Hard to say. All I can tell you is that my boy grew like a weed till about six months and then his growth slowed way down. Between 6 months and now (18 months), he's probably only gained about 10 pounds. He's stayed about 79 pounds since January. 

They sure do change in those first few months! I've got his 13-week puppy pictures rotating as my screen saver right now and it's amazing to think that just over a year ago, he was SO much different.


----------



## Anthony8858 (Sep 18, 2011)

85 lbs.


----------



## robk (Jun 16, 2011)

What was his weight at 4 months? I have heard that at 4 months they are at their half wieght. Mine was 37 lbs at 4 months. That should put him at roughly 74lbs at maturity. I am not sure if this will hold true but time will tell.


----------



## Anthony8858 (Sep 18, 2011)

robk said:


> What was his weight at 4 months? I have heard that at 4 months they are at their half wieght. Mine was 37 lbs at 4 months. That should put him at roughly 74lbs at maturity. I am not sure if this will hold true but time will tell.
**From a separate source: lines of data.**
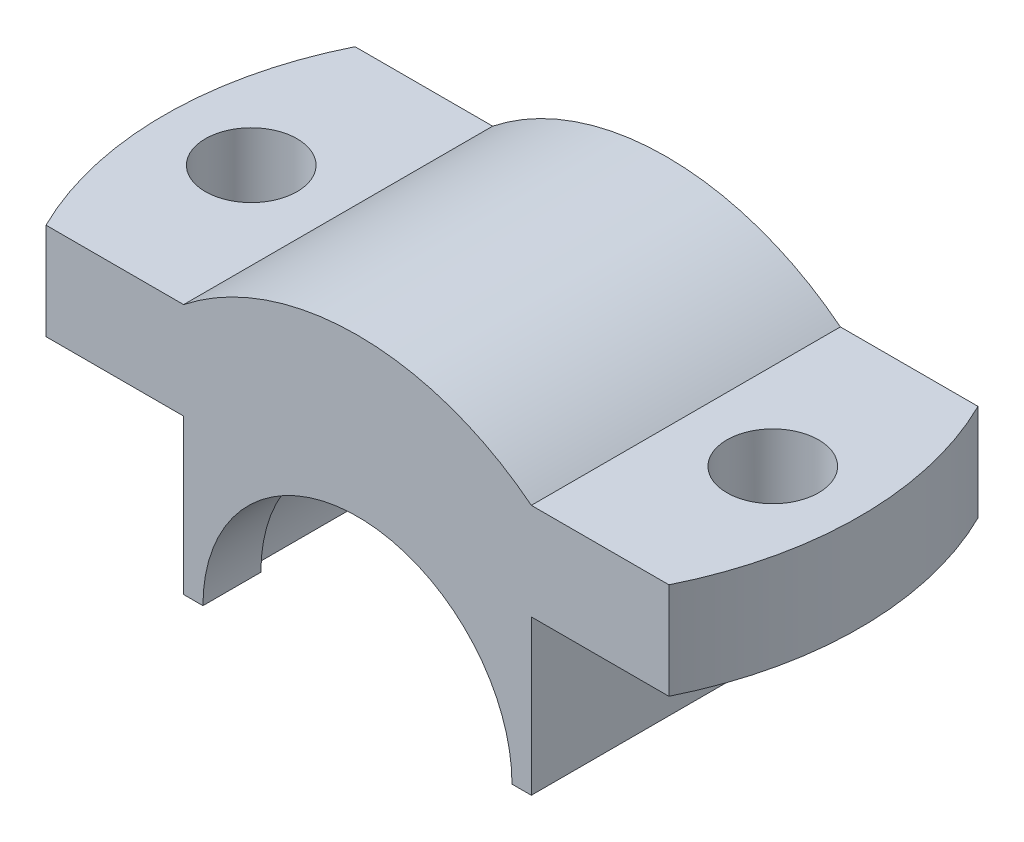
ISO-10303-21;
HEADER;
FILE_DESCRIPTION(('STEP AP214'),'2;1');
FILE_NAME('part.step','',(''),(''),'','','');
FILE_SCHEMA(('AUTOMOTIVE_DESIGN { 1 0 10303 214 1 1 1 1 }'));
ENDSEC;
DATA;
#1=APPLICATION_CONTEXT('core data for automotive mechanical design processes');
#2=APPLICATION_PROTOCOL_DEFINITION('international standard','automotive_design',2000,#1);
#3=PRODUCT_CONTEXT('',#1,'mechanical');
#4=PRODUCT('Part','Part','',(#3));
#5=PRODUCT_RELATED_PRODUCT_CATEGORY('part','',(#4));
#6=PRODUCT_DEFINITION_FORMATION('','',#4);
#7=PRODUCT_DEFINITION_CONTEXT('part definition',#1,'design');
#8=PRODUCT_DEFINITION('design','',#6,#7);
#9=PRODUCT_DEFINITION_SHAPE('','',#8);
#10=(LENGTH_UNIT() NAMED_UNIT(*) SI_UNIT(.MILLI.,.METRE.));
#11=(NAMED_UNIT(*) PLANE_ANGLE_UNIT() SI_UNIT($,.RADIAN.));
#12=(NAMED_UNIT(*) SI_UNIT($,.STERADIAN.) SOLID_ANGLE_UNIT());
#13=UNCERTAINTY_MEASURE_WITH_UNIT(LENGTH_MEASURE(1.E-05),#10,'distance_accuracy_value','');
#14=(GEOMETRIC_REPRESENTATION_CONTEXT(3) GLOBAL_UNCERTAINTY_ASSIGNED_CONTEXT((#13)) GLOBAL_UNIT_ASSIGNED_CONTEXT((#10,
#11,#12)) REPRESENTATION_CONTEXT('',''));
#15=CARTESIAN_POINT('',(0.,0.,0.));
#16=DIRECTION('',(0.,0.,1.));
#17=DIRECTION('',(1.,0.,0.));
#18=AXIS2_PLACEMENT_3D('',#15,#16,#17);
#19=CARTESIAN_POINT('',(0.,0.,32.));
#20=DIRECTION('',(0.,0.,-1.));
#21=DIRECTION('',(-1.,0.,0.));
#22=AXIS2_PLACEMENT_3D('',#19,#20,#21);
#23=CYLINDRICAL_SURFACE('',#22,32.);
#24=DIRECTION('',(0.,0.,-1.));
#25=VECTOR('',#24,1.);
#26=CARTESIAN_POINT('',(-32.,0.,32.));
#27=LINE('',#26,#25);
#28=CARTESIAN_POINT('',(-32.,0.,32.));
#29=VERTEX_POINT('',#28);
#30=CARTESIAN_POINT('',(-32.,0.,20.));
#31=VERTEX_POINT('',#30);
#32=EDGE_CURVE('E204',#29,#31,#27,.T.);
#33=ORIENTED_EDGE('',*,*,#32,.T.);
#34=CARTESIAN_POINT('',(0.,0.,20.));
#35=DIRECTION('',(0.,0.,-1.));
#36=DIRECTION('',(-1.,0.,0.));
#37=AXIS2_PLACEMENT_3D('',#34,#35,#36);
#38=CIRCLE('',#37,32.);
#39=CARTESIAN_POINT('',(32.,0.,20.));
#40=VERTEX_POINT('',#39);
#41=EDGE_CURVE('E165',#31,#40,#38,.T.);
#42=ORIENTED_EDGE('',*,*,#41,.T.);
#43=DIRECTION('',(0.,0.,-1.));
#44=VECTOR('',#43,1.);
#45=CARTESIAN_POINT('',(32.,0.,32.));
#46=LINE('',#45,#44);
#47=CARTESIAN_POINT('',(32.,0.,32.));
#48=VERTEX_POINT('',#47);
#49=EDGE_CURVE('E177',#48,#40,#46,.T.);
#50=ORIENTED_EDGE('',*,*,#49,.F.);
#51=CARTESIAN_POINT('',(0.,0.,32.));
#52=DIRECTION('',(0.,0.,-1.));
#53=DIRECTION('',(1.,0.,0.));
#54=AXIS2_PLACEMENT_3D('',#51,#52,#53);
#55=CIRCLE('',#54,32.);
#56=EDGE_CURVE('E210',#29,#48,#55,.T.);
#57=ORIENTED_EDGE('',*,*,#56,.F.);
#58=EDGE_LOOP('',(#33,#42,#50,#57));
#59=FACE_BOUND('',#58,.T.);
#60=ADVANCED_FACE('F32',(#59),#23,.F.);
#61=CARTESIAN_POINT('',(32.,0.,32.));
#62=DIRECTION('',(0.,1.,0.));
#63=DIRECTION('',(0.,0.,1.));
#64=AXIS2_PLACEMENT_3D('',#61,#62,#63);
#65=PLANE('',#64);
#66=ORIENTED_EDGE('',*,*,#49,.T.);
#67=DIRECTION('',(0.707106781186548,0.,-0.707106781186547));
#68=VECTOR('',#67,1.);
#69=CARTESIAN_POINT('',(0.,0.,52.));
#70=LINE('',#69,#68);
#71=CARTESIAN_POINT('',(34.,0.,18.));
#72=VERTEX_POINT('',#71);
#73=EDGE_CURVE('E166',#40,#72,#70,.T.);
#74=ORIENTED_EDGE('',*,*,#73,.T.);
#75=DIRECTION('',(0.,0.,-1.));
#76=VECTOR('',#75,1.);
#77=CARTESIAN_POINT('',(34.,0.,18.));
#78=LINE('',#77,#76);
#79=CARTESIAN_POINT('',(34.,0.,-20.));
#80=VERTEX_POINT('',#79);
#81=EDGE_CURVE('E150',#72,#80,#78,.T.);
#82=ORIENTED_EDGE('',*,*,#81,.T.);
#83=DIRECTION('',(-0.707106781186545,0.,-0.70710678118655));
#84=VECTOR('',#83,1.);
#85=CARTESIAN_POINT('',(0.,0.,-54.0000000000002));
#86=LINE('',#85,#84);
#87=CARTESIAN_POINT('',(32.,0.,-22.));
#88=VERTEX_POINT('',#87);
#89=EDGE_CURVE('E53',#80,#88,#86,.T.);
#90=ORIENTED_EDGE('',*,*,#89,.T.);
#91=CARTESIAN_POINT('',(32.,0.,-32.));
#92=VERTEX_POINT('',#91);
#93=EDGE_CURVE('E185',#88,#92,#46,.T.);
#94=ORIENTED_EDGE('',*,*,#93,.T.);
#95=DIRECTION('',(1.,0.,0.));
#96=VECTOR('',#95,1.);
#97=CARTESIAN_POINT('',(32.,0.,-32.));
#98=LINE('',#97,#96);
#99=CARTESIAN_POINT('',(36.,0.,-32.));
#100=VERTEX_POINT('',#99);
#101=EDGE_CURVE('E227',#92,#100,#98,.T.);
#102=ORIENTED_EDGE('',*,*,#101,.T.);
#103=DIRECTION('',(0.,0.,-1.));
#104=VECTOR('',#103,1.);
#105=CARTESIAN_POINT('',(36.,0.,32.));
#106=LINE('',#105,#104);
#107=CARTESIAN_POINT('',(36.,0.,32.));
#108=VERTEX_POINT('',#107);
#109=EDGE_CURVE('E186',#108,#100,#106,.T.);
#110=ORIENTED_EDGE('',*,*,#109,.F.);
#111=DIRECTION('',(1.,0.,0.));
#112=VECTOR('',#111,1.);
#113=CARTESIAN_POINT('',(32.,0.,32.));
#114=LINE('',#113,#112);
#115=EDGE_CURVE('E249',#48,#108,#114,.T.);
#116=ORIENTED_EDGE('',*,*,#115,.F.);
#117=EDGE_LOOP('',(#66,#74,#82,#90,#94,#102,#110,#116));
#118=FACE_BOUND('',#117,.T.);
#119=ADVANCED_FACE('F277',(#118),#65,.F.);
#120=CARTESIAN_POINT('',(-36.,0.,32.));
#121=DIRECTION('',(0.,1.,0.));
#122=DIRECTION('',(0.,0.,1.));
#123=AXIS2_PLACEMENT_3D('',#120,#121,#122);
#124=PLANE('',#123);
#125=DIRECTION('',(0.,0.,-1.));
#126=VECTOR('',#125,1.);
#127=CARTESIAN_POINT('',(-34.,0.,18.));
#128=LINE('',#127,#126);
#129=CARTESIAN_POINT('',(-34.,0.,18.));
#130=VERTEX_POINT('',#129);
#131=CARTESIAN_POINT('',(-34.,0.,-20.));
#132=VERTEX_POINT('',#131);
#133=EDGE_CURVE('E148',#130,#132,#128,.T.);
#134=ORIENTED_EDGE('',*,*,#133,.F.);
#135=DIRECTION('',(0.707106781186548,0.,0.707106781186547));
#136=VECTOR('',#135,1.);
#137=CARTESIAN_POINT('',(0.,0.,52.));
#138=LINE('',#137,#136);
#139=EDGE_CURVE('E40',#130,#31,#138,.T.);
#140=ORIENTED_EDGE('',*,*,#139,.T.);
#141=ORIENTED_EDGE('',*,*,#32,.F.);
#142=DIRECTION('',(1.,0.,0.));
#143=VECTOR('',#142,1.);
#144=CARTESIAN_POINT('',(-36.,0.,32.));
#145=LINE('',#144,#143);
#146=CARTESIAN_POINT('',(-36.,0.,32.));
#147=VERTEX_POINT('',#146);
#148=EDGE_CURVE('E231',#147,#29,#145,.T.);
#149=ORIENTED_EDGE('',*,*,#148,.F.);
#150=DIRECTION('',(0.,0.,-1.));
#151=VECTOR('',#150,1.);
#152=CARTESIAN_POINT('',(-36.,0.,32.));
#153=LINE('',#152,#151);
#154=CARTESIAN_POINT('',(-36.,0.,-32.));
#155=VERTEX_POINT('',#154);
#156=EDGE_CURVE('E201',#147,#155,#153,.T.);
#157=ORIENTED_EDGE('',*,*,#156,.T.);
#158=DIRECTION('',(1.,0.,0.));
#159=VECTOR('',#158,1.);
#160=CARTESIAN_POINT('',(-36.,0.,-32.));
#161=LINE('',#160,#159);
#162=CARTESIAN_POINT('',(-32.,0.,-32.));
#163=VERTEX_POINT('',#162);
#164=EDGE_CURVE('E207',#155,#163,#161,.T.);
#165=ORIENTED_EDGE('',*,*,#164,.T.);
#166=CARTESIAN_POINT('',(-32.,0.,-22.));
#167=VERTEX_POINT('',#166);
#168=EDGE_CURVE('E206',#167,#163,#27,.T.);
#169=ORIENTED_EDGE('',*,*,#168,.F.);
#170=DIRECTION('',(-0.707106781186545,0.,0.70710678118655));
#171=VECTOR('',#170,1.);
#172=CARTESIAN_POINT('',(0.,0.,-54.0000000000002));
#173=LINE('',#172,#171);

If there's any truth to that, it's supposedly at 5 months. My breeder tells me that all his dogs are consistently half their adult weight at 5 months. I'm sure that doesn't apply to all dogs.


----------



## PaddyD (Jul 22, 2010)

Maybe it is 4 months for females and 5 months for males.
I made that up.
My dog was 35 at 4 months and is 70 at 2+ years.
I am guessing your guy will top out at 80-85.


----------



## chela (Aug 14, 2011)

Thanks, everyone! it's no biggie, really, just always nice to know what to expect! Everyone always comments on how big he's going to be when they see his paws. Either way, he'll always be that cute little bundle of fluff in me eyes.


----------



## Lucy Dog (Aug 10, 2008)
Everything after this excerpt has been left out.